Draft ACFA Rules

I have a draft of the ACFA rules after the modification by the “Missouri Solution”. These are draft until vetted by the Secretary of State.

The Humane Society of the US, the ASPCA, and the Best Friends Society had mixed reviews of the new rules. On the plus side, a veterinarian annual exam must be physical, not visual. In addition, the new rules do at least address some of the original concerns, such as providing a definition of what a “severe” illness or injury is, and what is meant by “extreme” weather conditions.

HSUS, ASPCA, and Best Friends still have their concerns, such as crowded housing, insufficient floor requirements, and the fact that so much of the animal medical care is still under the breeders’ interpretation. I’m concerned about the fact that the new rules demand that housing for the animals ensure they’re not subjected to lower temperature unless acclimated. Well, again, open to interpretation. However, the rules do say that the ambient temperature can’t fall below 45 degrees in indoor enclosures, period. Of course, this doesn’t say anything about the dogs in outdoor enclosures. Again, how the dogs are housed is too frequently left up to the interpretation of the breeder.

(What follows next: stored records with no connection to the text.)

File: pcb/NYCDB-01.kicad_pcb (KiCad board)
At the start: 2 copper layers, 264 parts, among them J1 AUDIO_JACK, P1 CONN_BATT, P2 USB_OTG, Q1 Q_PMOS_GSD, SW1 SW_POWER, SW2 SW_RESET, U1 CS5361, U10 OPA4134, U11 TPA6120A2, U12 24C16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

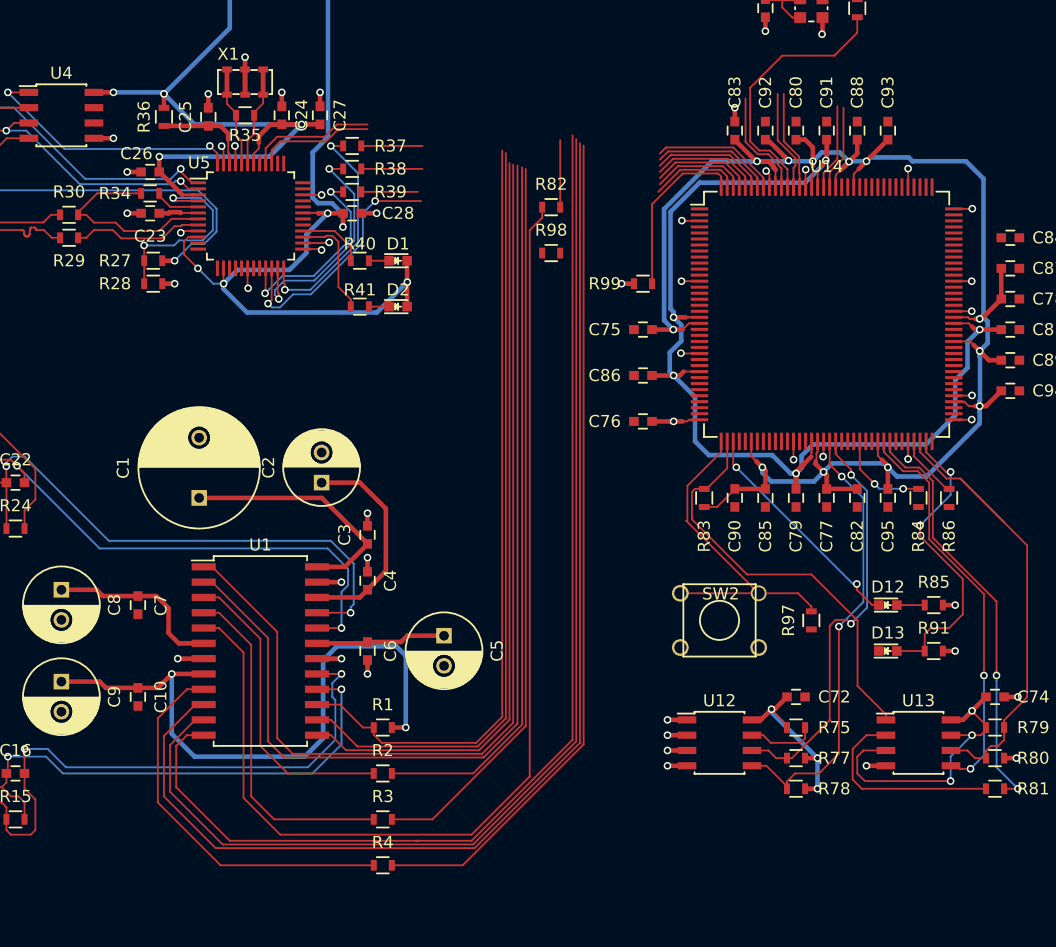
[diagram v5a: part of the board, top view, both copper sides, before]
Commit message: Reordering the ADC->FPGA pins for layout
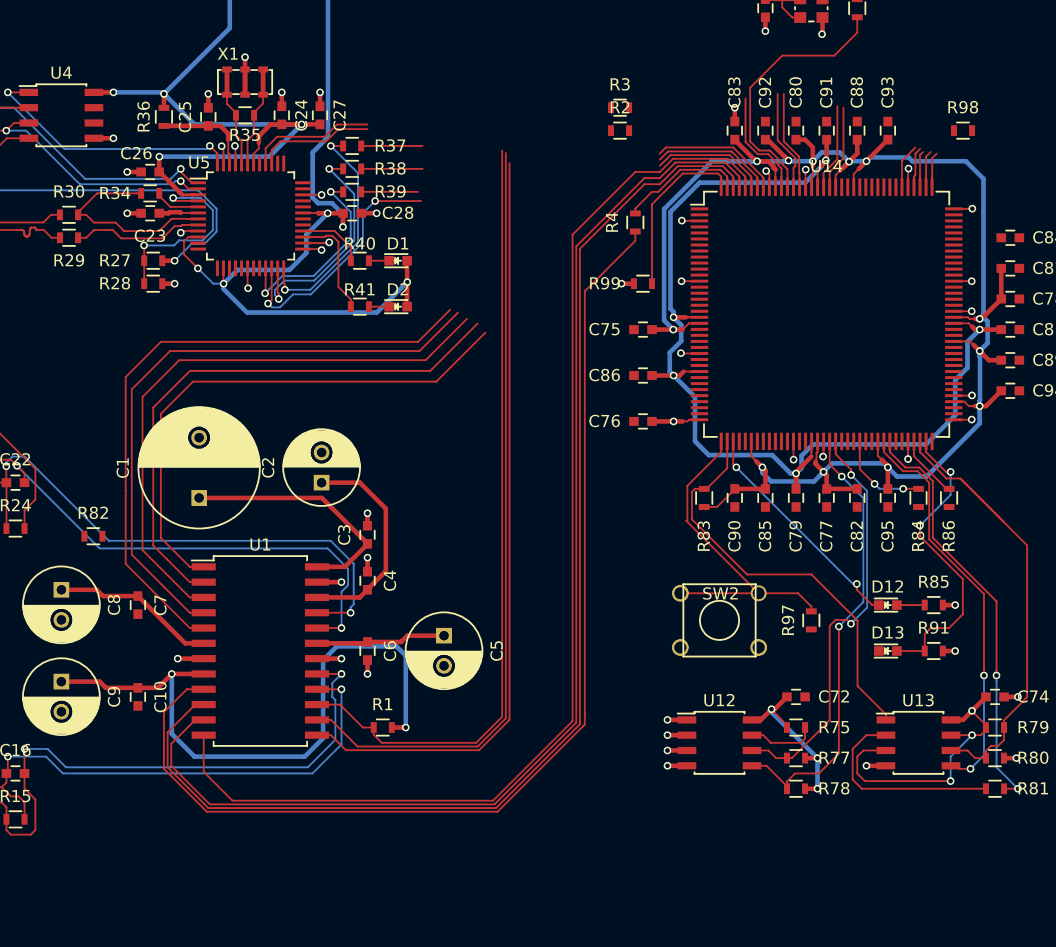
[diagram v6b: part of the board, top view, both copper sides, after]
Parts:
- moved R3 62.2 mm to (114.9, 85.7)
- moved R4 57.3 mm to (116.2, 95.2), turned to 90 degrees
- moved R2 56.9 mm to (114.9, 87.6)
- moved R82 46.8 mm to (71.2, 121.3)
- moved R98 35.7 mm to (143.4, 87.6)
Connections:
- U14 pad 126: /CS5361 ADC/ADC_SDO -> /CS5361 ADC/ADC_RST
- U14 pad 134: /CS5361 ADC/ADC_MDIV -> /CS5361 ADC/ADC_OVFL
- U14 pad 139: /CS5361 ADC/ADC_HPF -> /CS5361 ADC/ADC_MS
- U14 pad 140: /CS5361 ADC/ADC_MS -> /CS5361 ADC/ADC_I2S_LJ
- U14 pad 141: /CS5361 ADC/ADC_I2S_LJ -> /CS5361 ADC/ADC_HPF
- U14 pad 142: /CS5361 ADC/ADC_OVFL -> /CS5361 ADC/ADC_MDIV
- U14 pad 143: /CS5361 ADC/ADC_RST -> /CS5361 ADC/ADC_SDO
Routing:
- net /CS5361 ADC/ADC_SDO: track 76.8 -> 10.5 mm
- net /CS5361 ADC/ADC_SCLK: track 68.8 -> 8.28 mm
- net Net-(R4-Pad1): track 31.9 -> 91.0 mm
- net /CS5361 ADC/ADC_LRCLK: track 65.9 -> 7.19 mm
- net /CS5361 ADC/ADC_RST: track 92.2 -> 52.3 mm
- net /CS5361 ADC/ADC_MCLK: track 90.9 -> 53.4 mm
- net /CS5361 ADC/ADC_MS: track 93.6 -> 57.0 mm
- net Net-(R2-Pad1): track 25.4 -> 49.0 mm
- net Net-(R3-Pad1): track 28.6 -> 51.4 mm
- net /CS5361 ADC/ADC_I2S_LJ: track 103.1 -> 96.2 mm
- net /CS5361 ADC/ADC_MDIV: track 108.2 -> 101.6 mm
- net /CS5361 ADC/ADC_HPF: track 106.1 -> 100.4 mm
- net Net-(R82-Pad1): track 14.0 -> 8.41 mm
- net /FT2232D/USB_TXD: track 10.5 -> 14.3 mm
- net /FT2232D/USB_RXD: track 9.79 -> 13.2 mm
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
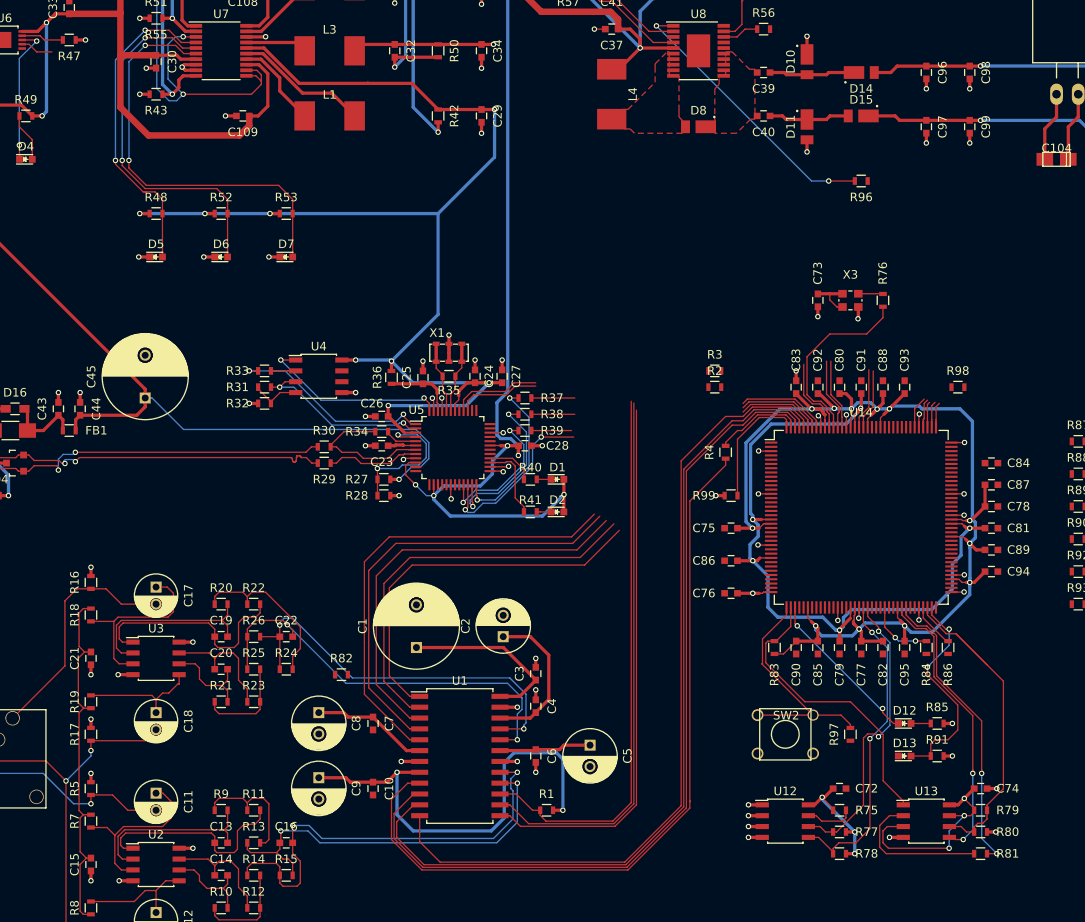
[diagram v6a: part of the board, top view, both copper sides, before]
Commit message: Finished pin swapping the FPGA ADC signals
Still not super jazzed about how coupled the ADC I2S traces are, and I
need to look into the MCLK situation for the ADC.  Ideally the FPGA
shouldn't be generating it since it's a lousy clock driver.  Will
probably need another oscillator for the ADC same as the FPGA and DAC.
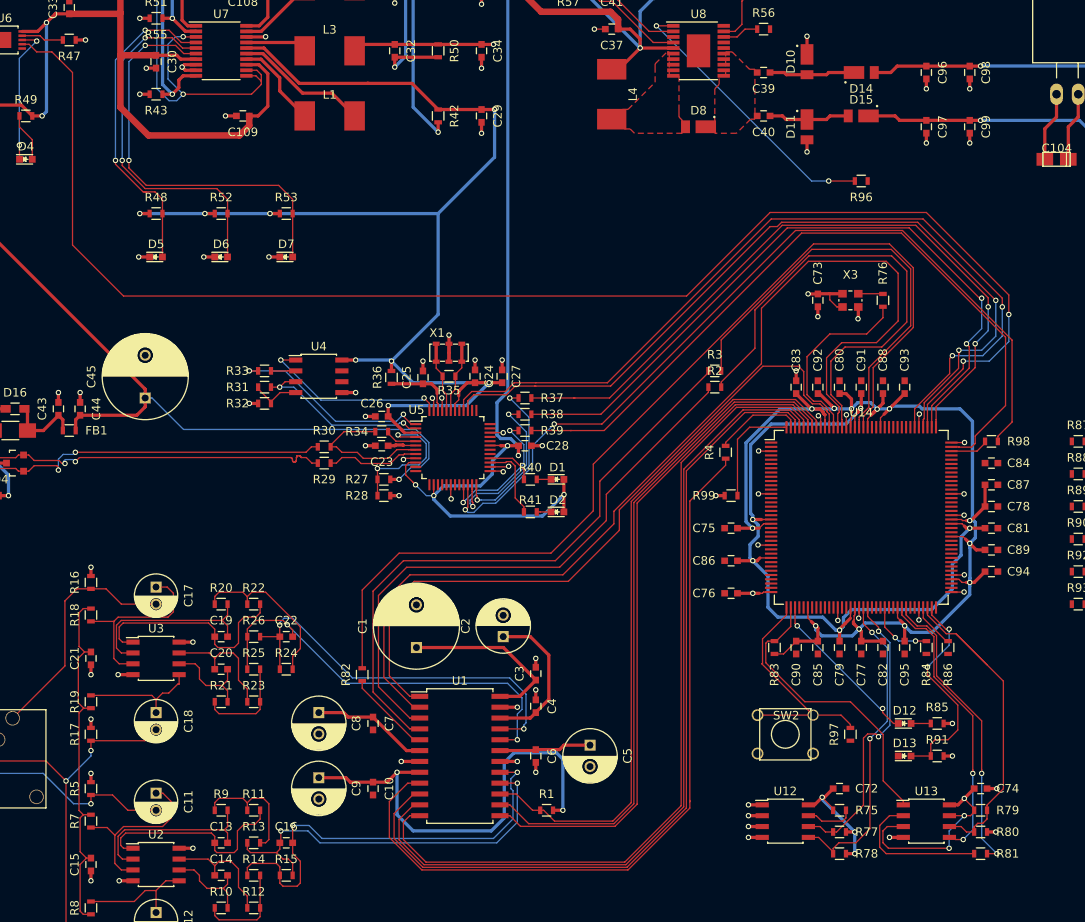
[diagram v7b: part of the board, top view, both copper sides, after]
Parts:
- moved R98 7.47 mm to (147.3, 94.0), turned to 0 degrees
- moved R82 2.42 mm to (73.7, 121.3), turned to 270 degrees
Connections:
- U14 pad 126: /CS5361 ADC/ADC_RST -> Net-(R82-Pad1)
- U14 pad 127: /CS5361 ADC/ADC_LRCLK -> /CS5361 ADC/ADC_SCLK
- U14 pad 131: /CS5361 ADC/ADC_SCLK -> /CS5361 ADC/ADC_LRCLK
- U14 pad 132: Net-(R82-Pad1) -> /CS5361 ADC/ADC_MS
- U14 pad 134: /CS5361 ADC/ADC_OVFL -> /CS5361 ADC/ADC_RST
- U14 pad 137: /CS5361 ADC/ADC_M1 -> /CS5361 ADC/ADC_OVFL
- U14 pad 138: /CS5361 ADC/ADC_M0 -> /CS5361 ADC/ADC_M1
- U14 pad 139: /CS5361 ADC/ADC_MS -> /CS5361 ADC/ADC_M0
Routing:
- net /Power Supplies/ISET2: track 6.87 -> 168.8 mm, vias 0 -> 2
- net Net-(R82-Pad1): track 8.41 -> 115.9 mm
- net /FT2232D/USB_TXD: track 14.3 -> 98.4 mm, vias 0 -> 2
- net /FT2232D/TMS: track 4.71 -> 87.2 mm
- net /FT2232D/USB_RXD: track 13.2 -> 95.4 mm, vias 0 -> 2
- net /FT2232D/TDO: track 20.9 -> 100.1 mm
- net /FT2232D/TCK: track 8.04 -> 83.2 mm, vias 0 -> 2
- net /FT2232D/TDI: track 8.16 -> 83.0 mm, vias 0 -> 2
- net /CS5361 ADC/ADC_MS: track 57.0 -> 121.7 mm
- net /CS5361 ADC/ADC_LRCLK: track 7.19 -> 56.8 mm
- net /CS5361 ADC/ADC_SCLK: track 8.28 -> 52.2 mm
- net /CS5361 ADC/ADC_MCLK: track 53.4 -> 10.1 mm
- net /CS5361 ADC/ADC_RST: track 52.3 -> 83.5 mm
- net Net-(R3-Pad1): track 51.4 -> 71.5 mm
- net Net-(R2-Pad1): track 49.0 -> 67.9 mm
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
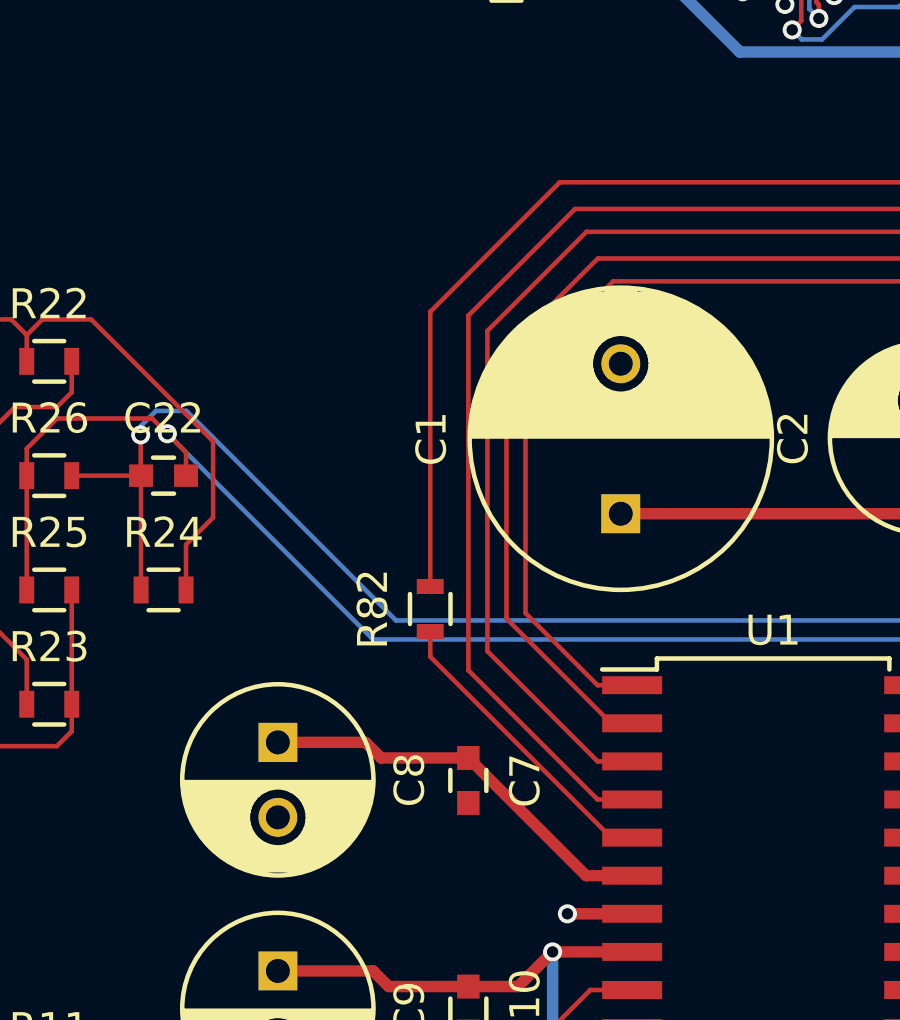
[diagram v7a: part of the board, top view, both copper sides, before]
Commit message: Added an oscillator for the ADC
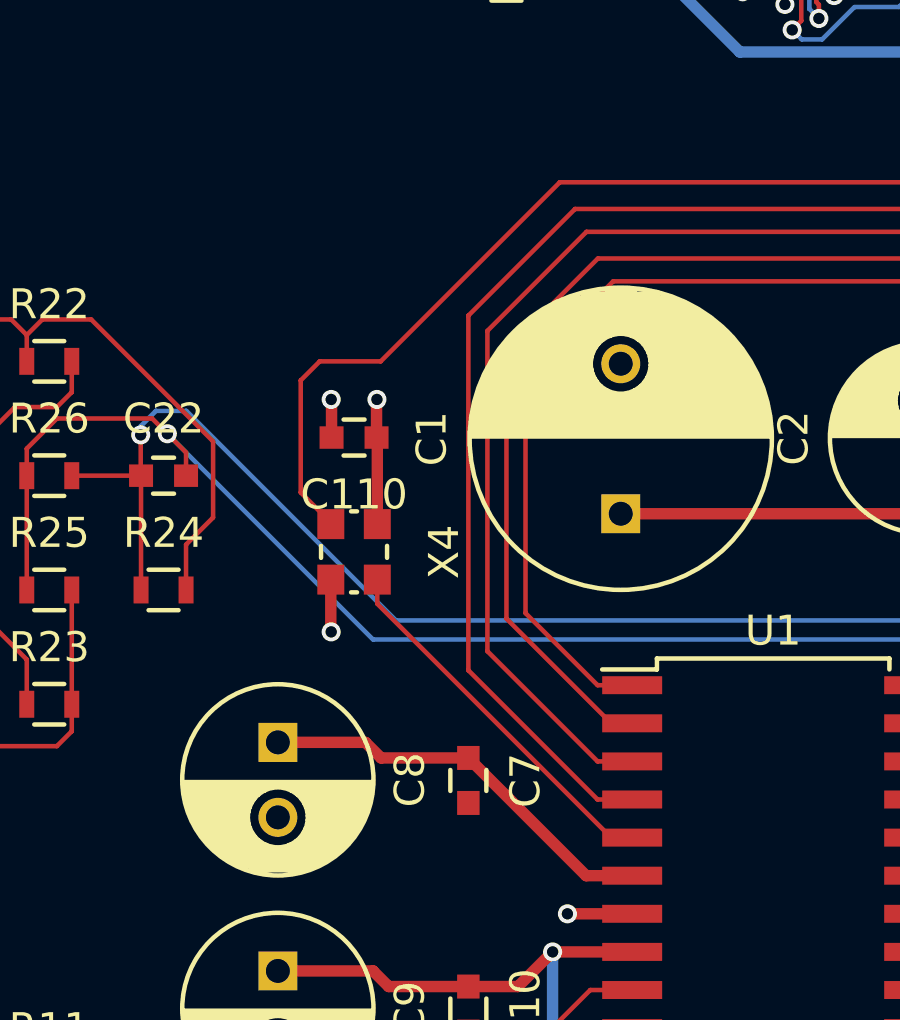
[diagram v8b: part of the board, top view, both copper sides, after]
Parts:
- removed R82: 68, Resistors_SMD:R_0603
- added C110: 0.1uF, Capacitors_SMD:C_0603, F.Cu at (71.1, 115.6)
- added X4: 12.288MHz, headphones:Oscillator_SMD_2520_4Pads, F.Cu at (71.1, 119.4)
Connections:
- U1 pad 5: /CS5361 ADC/ADC_MCLK -> Net-(U1-Pad5)
- U14 pad 126: Net-(R82-Pad1) -> /CS5361 ADC/ADC_MCLK_EN
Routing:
- net /CS5361 ADC/ADC_MCLK_EN: track 0.00 -> 117.2 mm
- net Net-(R82-Pad1): track 115.9 -> 0.00 mm
- net Net-(U1-Pad5): track 0.00 -> 12.5 mm
- net /CS5361 ADC/ADC_MCLK: track 10.1 -> 0.00 mm
- net +3V3: track 393.3 -> 397.5 mm, vias 31 -> 32
- net GND: track 138.2 -> 141.2 mm, vias 84 -> 86

The space requirements are not good. The single cage spaces are fine, but then as you look at the space requirements table, you can see that the cages can become quite crowded when adding more dogs. And yes, the breeders will add more dogs.

In addition, the rules were weakened to allow for large groupings in cages, which are going to cause problems no matter how compatible the dogs are.

The draft does not cover the licensing fees, but according to our understanding, rescues and shelters are still being charged the same amount as commercial dog breeders. Nothing like providing a service for the community and being charged for the privilege. I would expect if this continues that communities pay this fee. After all, shelters and rescues taking care of stray, homeless, or rescued dogs means that many less dogs the communities have to deal with.

Yes, I’m talking about you, St. Louis.